___ SOURCE MATERIAL ___
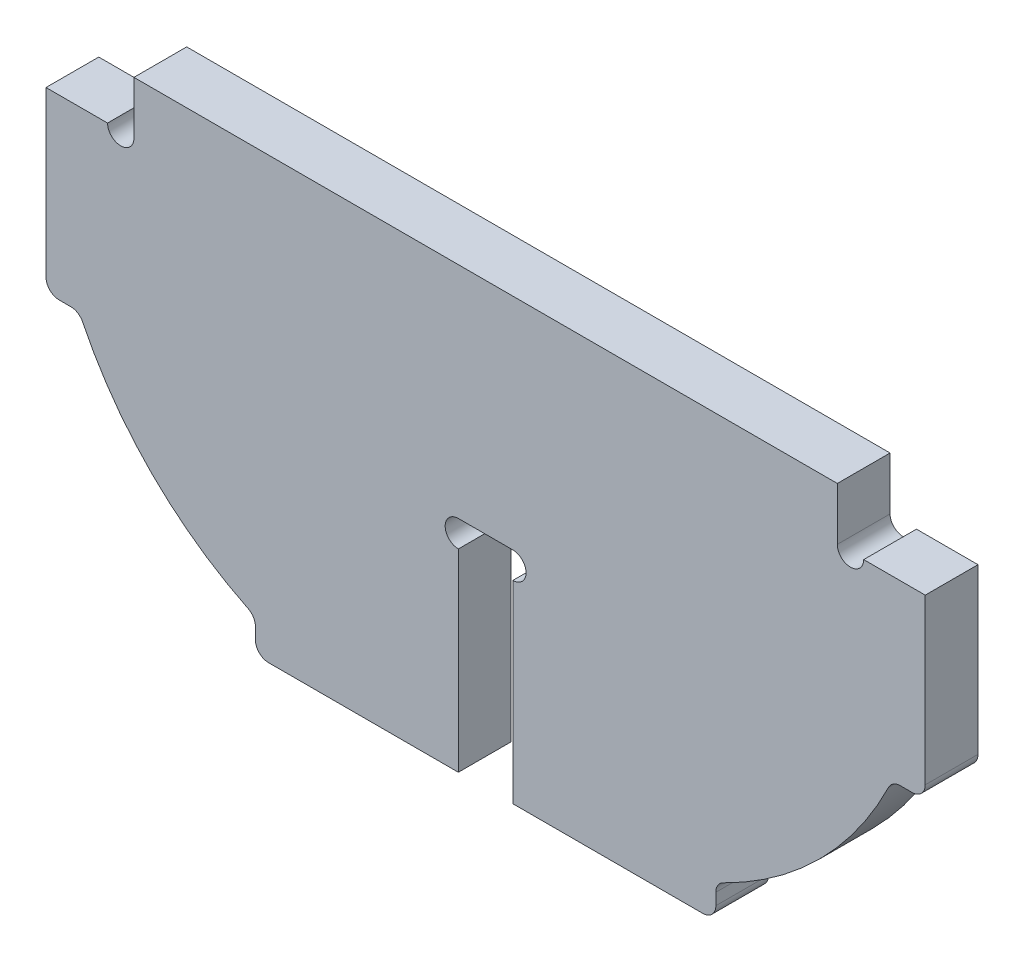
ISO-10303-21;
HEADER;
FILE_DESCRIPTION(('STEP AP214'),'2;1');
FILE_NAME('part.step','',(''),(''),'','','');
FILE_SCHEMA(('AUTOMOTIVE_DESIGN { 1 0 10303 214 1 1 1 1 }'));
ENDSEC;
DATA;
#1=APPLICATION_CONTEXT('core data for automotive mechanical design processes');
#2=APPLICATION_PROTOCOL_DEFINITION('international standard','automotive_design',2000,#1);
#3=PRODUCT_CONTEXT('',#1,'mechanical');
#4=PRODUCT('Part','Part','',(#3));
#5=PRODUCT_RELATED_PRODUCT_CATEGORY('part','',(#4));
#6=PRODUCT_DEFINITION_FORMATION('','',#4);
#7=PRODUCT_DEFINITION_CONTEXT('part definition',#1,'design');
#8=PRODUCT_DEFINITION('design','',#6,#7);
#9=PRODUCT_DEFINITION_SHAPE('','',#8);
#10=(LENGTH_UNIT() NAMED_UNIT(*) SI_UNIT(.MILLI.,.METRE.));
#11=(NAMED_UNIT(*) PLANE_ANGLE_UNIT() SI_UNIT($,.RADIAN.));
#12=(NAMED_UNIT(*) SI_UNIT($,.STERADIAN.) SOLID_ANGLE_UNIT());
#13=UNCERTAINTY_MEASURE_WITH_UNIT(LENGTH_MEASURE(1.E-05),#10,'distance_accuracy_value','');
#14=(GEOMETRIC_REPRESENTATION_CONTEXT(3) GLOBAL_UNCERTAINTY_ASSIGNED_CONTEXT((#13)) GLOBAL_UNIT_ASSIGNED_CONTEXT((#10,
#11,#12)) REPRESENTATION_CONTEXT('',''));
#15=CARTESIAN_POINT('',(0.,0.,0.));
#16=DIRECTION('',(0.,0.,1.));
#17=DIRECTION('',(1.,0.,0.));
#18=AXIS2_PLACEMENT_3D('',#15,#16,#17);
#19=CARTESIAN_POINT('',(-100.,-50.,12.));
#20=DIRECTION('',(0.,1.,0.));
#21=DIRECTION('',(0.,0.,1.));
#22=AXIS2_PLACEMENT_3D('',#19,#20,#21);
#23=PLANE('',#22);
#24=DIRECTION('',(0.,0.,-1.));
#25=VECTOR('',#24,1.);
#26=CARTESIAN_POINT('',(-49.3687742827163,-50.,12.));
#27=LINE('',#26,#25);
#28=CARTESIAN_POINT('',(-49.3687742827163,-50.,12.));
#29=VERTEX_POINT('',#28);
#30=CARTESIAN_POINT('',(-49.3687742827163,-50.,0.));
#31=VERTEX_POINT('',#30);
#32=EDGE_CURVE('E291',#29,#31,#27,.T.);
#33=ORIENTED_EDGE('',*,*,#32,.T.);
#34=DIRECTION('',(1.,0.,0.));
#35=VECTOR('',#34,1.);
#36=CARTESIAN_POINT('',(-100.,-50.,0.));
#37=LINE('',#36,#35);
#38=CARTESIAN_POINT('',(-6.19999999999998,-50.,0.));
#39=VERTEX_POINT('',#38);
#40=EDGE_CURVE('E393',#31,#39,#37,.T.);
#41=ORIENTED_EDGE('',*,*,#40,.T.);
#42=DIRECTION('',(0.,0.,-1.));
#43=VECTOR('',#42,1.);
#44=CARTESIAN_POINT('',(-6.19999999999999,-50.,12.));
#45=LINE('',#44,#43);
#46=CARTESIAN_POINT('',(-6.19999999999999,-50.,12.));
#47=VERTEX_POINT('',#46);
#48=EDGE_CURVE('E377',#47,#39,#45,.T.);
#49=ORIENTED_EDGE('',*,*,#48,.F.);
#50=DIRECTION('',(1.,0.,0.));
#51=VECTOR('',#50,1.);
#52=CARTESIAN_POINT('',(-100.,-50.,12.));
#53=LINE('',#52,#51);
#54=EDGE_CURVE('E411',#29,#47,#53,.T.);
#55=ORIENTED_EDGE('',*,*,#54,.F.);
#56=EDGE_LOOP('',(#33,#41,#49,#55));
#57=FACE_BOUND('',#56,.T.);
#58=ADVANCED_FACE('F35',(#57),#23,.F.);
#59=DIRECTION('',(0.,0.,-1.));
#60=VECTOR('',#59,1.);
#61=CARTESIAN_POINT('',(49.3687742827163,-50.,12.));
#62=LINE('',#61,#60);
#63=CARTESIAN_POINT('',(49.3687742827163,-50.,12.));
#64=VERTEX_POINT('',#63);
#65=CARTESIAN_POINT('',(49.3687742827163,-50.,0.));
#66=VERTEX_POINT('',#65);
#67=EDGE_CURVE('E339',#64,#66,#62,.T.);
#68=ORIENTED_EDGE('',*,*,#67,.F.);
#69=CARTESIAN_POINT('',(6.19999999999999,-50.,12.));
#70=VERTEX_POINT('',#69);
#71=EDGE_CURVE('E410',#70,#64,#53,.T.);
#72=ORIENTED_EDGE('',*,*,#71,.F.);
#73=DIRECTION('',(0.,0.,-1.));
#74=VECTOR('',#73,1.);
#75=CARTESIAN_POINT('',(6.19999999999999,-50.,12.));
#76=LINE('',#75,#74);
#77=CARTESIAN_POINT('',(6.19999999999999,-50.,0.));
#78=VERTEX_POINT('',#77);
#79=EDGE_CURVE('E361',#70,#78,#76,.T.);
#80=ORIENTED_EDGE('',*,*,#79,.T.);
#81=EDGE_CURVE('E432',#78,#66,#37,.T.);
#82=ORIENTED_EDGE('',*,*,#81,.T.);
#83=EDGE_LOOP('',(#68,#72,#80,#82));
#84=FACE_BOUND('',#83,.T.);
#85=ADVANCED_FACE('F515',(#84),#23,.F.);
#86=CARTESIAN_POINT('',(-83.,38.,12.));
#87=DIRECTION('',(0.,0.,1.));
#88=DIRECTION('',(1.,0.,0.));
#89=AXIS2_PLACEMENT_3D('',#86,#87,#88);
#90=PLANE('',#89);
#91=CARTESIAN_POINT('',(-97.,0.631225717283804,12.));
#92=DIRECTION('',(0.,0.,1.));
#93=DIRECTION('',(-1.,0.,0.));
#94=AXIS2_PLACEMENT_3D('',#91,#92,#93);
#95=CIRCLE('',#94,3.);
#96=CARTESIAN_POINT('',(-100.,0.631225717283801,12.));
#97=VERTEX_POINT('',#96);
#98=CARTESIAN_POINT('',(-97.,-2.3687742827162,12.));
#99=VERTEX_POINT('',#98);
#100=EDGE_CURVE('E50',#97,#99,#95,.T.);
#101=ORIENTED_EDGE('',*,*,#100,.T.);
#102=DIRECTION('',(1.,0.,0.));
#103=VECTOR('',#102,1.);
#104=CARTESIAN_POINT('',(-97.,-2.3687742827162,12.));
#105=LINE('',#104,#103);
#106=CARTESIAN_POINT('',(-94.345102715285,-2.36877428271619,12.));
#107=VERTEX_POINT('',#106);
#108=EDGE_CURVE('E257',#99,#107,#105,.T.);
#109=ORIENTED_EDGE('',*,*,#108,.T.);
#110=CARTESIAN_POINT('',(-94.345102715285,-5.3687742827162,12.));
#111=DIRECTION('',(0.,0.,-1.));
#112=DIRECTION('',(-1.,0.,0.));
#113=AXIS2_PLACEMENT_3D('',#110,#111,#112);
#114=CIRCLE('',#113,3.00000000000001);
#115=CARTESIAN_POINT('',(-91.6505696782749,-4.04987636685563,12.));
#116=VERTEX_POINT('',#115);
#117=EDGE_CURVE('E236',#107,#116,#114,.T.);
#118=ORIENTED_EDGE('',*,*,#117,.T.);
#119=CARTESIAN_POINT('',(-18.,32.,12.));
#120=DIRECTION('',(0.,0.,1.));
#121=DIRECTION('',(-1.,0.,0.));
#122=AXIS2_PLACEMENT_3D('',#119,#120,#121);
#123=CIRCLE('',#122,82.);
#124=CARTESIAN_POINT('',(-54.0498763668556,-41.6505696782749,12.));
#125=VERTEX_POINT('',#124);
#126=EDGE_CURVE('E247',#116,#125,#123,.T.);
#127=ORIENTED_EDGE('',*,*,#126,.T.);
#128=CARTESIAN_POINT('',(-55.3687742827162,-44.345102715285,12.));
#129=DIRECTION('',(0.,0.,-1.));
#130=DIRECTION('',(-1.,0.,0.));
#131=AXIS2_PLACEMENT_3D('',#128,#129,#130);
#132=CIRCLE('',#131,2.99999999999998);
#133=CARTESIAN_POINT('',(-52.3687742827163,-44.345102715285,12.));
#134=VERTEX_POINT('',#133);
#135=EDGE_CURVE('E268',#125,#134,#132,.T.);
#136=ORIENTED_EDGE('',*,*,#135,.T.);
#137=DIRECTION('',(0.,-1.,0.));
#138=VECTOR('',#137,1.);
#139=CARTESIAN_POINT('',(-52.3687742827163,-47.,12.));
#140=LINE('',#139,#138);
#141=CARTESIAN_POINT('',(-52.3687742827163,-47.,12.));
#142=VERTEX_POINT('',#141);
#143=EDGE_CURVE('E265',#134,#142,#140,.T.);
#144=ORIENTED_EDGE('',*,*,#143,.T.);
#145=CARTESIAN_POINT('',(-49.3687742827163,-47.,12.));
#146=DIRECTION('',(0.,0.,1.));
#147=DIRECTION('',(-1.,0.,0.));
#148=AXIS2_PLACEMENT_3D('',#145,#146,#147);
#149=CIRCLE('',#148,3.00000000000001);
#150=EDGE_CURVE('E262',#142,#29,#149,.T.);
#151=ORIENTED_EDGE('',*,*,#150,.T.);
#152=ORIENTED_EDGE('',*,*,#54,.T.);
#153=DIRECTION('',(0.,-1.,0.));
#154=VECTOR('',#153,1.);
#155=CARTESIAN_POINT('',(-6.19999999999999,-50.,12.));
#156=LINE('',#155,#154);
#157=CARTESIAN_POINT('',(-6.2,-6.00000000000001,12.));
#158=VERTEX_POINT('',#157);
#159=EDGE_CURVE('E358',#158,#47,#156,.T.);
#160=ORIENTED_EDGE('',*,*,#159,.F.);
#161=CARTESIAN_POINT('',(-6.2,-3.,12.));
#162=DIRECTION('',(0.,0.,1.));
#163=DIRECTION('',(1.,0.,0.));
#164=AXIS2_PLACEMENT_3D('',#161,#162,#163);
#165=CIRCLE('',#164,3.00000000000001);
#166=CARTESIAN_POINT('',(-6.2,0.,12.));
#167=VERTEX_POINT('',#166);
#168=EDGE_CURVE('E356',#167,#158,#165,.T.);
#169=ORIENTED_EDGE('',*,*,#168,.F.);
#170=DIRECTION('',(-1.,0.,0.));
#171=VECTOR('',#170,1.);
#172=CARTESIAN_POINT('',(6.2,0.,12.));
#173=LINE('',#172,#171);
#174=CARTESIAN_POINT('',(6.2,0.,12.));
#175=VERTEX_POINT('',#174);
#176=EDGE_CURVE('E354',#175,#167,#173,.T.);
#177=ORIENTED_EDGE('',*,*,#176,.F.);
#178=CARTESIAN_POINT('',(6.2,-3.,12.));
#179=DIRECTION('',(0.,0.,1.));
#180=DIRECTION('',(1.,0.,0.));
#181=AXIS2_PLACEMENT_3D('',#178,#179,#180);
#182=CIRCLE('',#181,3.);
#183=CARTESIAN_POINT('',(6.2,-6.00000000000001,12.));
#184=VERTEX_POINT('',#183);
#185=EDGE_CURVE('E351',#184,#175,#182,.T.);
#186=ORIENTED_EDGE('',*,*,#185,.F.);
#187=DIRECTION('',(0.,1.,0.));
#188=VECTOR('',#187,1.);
___
*PROBLEM TO SOLVE*.
Return only the part of the records above that opens with the line containing "#15=CARTESIAN_POINT('',(0.,0.,0.));" and closes with the line containing "#39=VERTEX_POINT('',#38);", ends included.

*SOLUTION BELOW*.
#15=CARTESIAN_POINT('',(0.,0.,0.));
#16=DIRECTION('',(0.,0.,1.));
#17=DIRECTION('',(1.,0.,0.));
#18=AXIS2_PLACEMENT_3D('',#15,#16,#17);
#19=CARTESIAN_POINT('',(-100.,-50.,12.));
#20=DIRECTION('',(0.,1.,0.));
#21=DIRECTION('',(0.,0.,1.));
#22=AXIS2_PLACEMENT_3D('',#19,#20,#21);
#23=PLANE('',#22);
#24=DIRECTION('',(0.,0.,-1.));
#25=VECTOR('',#24,1.);
#26=CARTESIAN_POINT('',(-49.3687742827163,-50.,12.));
#27=LINE('',#26,#25);
#28=CARTESIAN_POINT('',(-49.3687742827163,-50.,12.));
#29=VERTEX_POINT('',#28);
#30=CARTESIAN_POINT('',(-49.3687742827163,-50.,0.));
#31=VERTEX_POINT('',#30);
#32=EDGE_CURVE('E291',#29,#31,#27,.T.);
#33=ORIENTED_EDGE('',*,*,#32,.T.);
#34=DIRECTION('',(1.,0.,0.));
#35=VECTOR('',#34,1.);
#36=CARTESIAN_POINT('',(-100.,-50.,0.));
#37=LINE('',#36,#35);
#38=CARTESIAN_POINT('',(-6.19999999999998,-50.,0.));
#39=VERTEX_POINT('',#38);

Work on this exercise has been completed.